[Opening Records for the task section]
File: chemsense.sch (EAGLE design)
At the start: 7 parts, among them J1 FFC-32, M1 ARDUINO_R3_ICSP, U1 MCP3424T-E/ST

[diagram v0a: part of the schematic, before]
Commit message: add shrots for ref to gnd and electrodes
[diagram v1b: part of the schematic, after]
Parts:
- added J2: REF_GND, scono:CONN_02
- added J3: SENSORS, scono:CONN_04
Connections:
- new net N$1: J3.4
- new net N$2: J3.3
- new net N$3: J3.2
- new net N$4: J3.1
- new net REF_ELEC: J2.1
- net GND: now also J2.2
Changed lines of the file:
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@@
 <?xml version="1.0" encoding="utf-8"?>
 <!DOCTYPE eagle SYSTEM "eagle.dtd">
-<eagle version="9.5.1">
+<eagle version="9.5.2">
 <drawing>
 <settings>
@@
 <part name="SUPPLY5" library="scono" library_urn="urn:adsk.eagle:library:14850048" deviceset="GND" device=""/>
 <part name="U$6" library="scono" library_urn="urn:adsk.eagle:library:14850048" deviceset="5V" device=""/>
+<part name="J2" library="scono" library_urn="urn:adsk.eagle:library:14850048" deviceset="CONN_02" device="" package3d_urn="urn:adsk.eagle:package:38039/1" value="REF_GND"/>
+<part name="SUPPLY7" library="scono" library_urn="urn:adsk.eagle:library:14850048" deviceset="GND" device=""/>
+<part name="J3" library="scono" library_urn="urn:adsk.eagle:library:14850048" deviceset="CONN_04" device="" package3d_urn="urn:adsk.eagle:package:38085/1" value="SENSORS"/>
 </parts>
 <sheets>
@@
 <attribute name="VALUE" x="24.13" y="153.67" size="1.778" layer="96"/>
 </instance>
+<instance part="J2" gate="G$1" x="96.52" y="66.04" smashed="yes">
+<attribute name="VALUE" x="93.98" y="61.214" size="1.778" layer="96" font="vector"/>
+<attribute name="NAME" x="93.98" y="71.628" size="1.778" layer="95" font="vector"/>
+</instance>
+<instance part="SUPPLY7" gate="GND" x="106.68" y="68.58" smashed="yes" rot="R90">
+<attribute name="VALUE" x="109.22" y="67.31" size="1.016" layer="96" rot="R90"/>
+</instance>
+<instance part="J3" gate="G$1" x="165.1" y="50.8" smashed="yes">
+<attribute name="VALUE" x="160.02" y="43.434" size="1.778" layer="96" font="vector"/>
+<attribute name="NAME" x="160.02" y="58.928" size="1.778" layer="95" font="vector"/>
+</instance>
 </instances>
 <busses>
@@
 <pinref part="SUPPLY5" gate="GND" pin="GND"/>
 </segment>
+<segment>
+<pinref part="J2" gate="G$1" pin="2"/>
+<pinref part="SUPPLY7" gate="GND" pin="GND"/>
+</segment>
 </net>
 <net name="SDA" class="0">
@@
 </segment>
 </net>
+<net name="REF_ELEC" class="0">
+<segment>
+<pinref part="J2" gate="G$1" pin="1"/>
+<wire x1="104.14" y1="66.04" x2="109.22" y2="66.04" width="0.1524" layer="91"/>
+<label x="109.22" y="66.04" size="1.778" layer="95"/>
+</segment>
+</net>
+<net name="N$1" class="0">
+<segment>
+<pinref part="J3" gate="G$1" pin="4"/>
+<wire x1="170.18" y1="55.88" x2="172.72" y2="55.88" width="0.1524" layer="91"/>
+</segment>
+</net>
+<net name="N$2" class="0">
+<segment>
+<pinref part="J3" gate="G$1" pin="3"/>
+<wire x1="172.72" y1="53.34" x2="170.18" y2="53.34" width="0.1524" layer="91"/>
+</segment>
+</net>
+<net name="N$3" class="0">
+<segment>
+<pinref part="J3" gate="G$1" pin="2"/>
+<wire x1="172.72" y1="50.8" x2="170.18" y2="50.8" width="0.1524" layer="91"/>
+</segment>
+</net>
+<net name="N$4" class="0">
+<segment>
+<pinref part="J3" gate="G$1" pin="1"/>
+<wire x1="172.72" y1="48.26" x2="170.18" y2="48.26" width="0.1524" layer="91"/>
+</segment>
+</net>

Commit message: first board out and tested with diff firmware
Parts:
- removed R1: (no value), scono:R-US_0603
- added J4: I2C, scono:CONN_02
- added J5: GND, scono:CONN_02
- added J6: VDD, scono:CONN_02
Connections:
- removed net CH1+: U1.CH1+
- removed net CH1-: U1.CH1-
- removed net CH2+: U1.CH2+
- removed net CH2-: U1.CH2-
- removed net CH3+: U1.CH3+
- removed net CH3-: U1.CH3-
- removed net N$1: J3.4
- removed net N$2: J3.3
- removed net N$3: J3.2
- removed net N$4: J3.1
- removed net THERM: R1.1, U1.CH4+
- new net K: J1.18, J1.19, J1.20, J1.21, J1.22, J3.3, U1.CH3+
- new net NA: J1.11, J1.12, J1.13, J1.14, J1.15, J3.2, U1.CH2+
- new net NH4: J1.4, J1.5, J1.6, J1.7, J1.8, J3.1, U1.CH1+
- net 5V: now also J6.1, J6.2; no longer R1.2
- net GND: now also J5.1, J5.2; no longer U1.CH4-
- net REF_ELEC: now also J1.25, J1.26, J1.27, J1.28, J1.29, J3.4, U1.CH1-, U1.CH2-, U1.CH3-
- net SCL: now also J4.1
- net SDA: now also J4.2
[Closing Records for the task section]
→ What you are asked to do: Retype the first line of the entries and every line after it, please, through the line that contains "- new net REF_ELEC: J2.1". Add nothing.

→ Response box:
File: chemsense.sch (EAGLE design)
At the start: 7 parts, among them J1 FFC-32, M1 ARDUINO_R3_ICSP, U1 MCP3424T-E/ST

[diagram v0a: part of the schematic, before]
Commit message: add shrots for ref to gnd and electrodes
[diagram v1b: part of the schematic, after]
Parts:
- added J2: REF_GND, scono:CONN_02
- added J3: SENSORS, scono:CONN_04
Connections:
- new net N$1: J3.4
- new net N$2: J3.3
- new net N$3: J3.2
- new net N$4: J3.1
- new net REF_ELEC: J2.1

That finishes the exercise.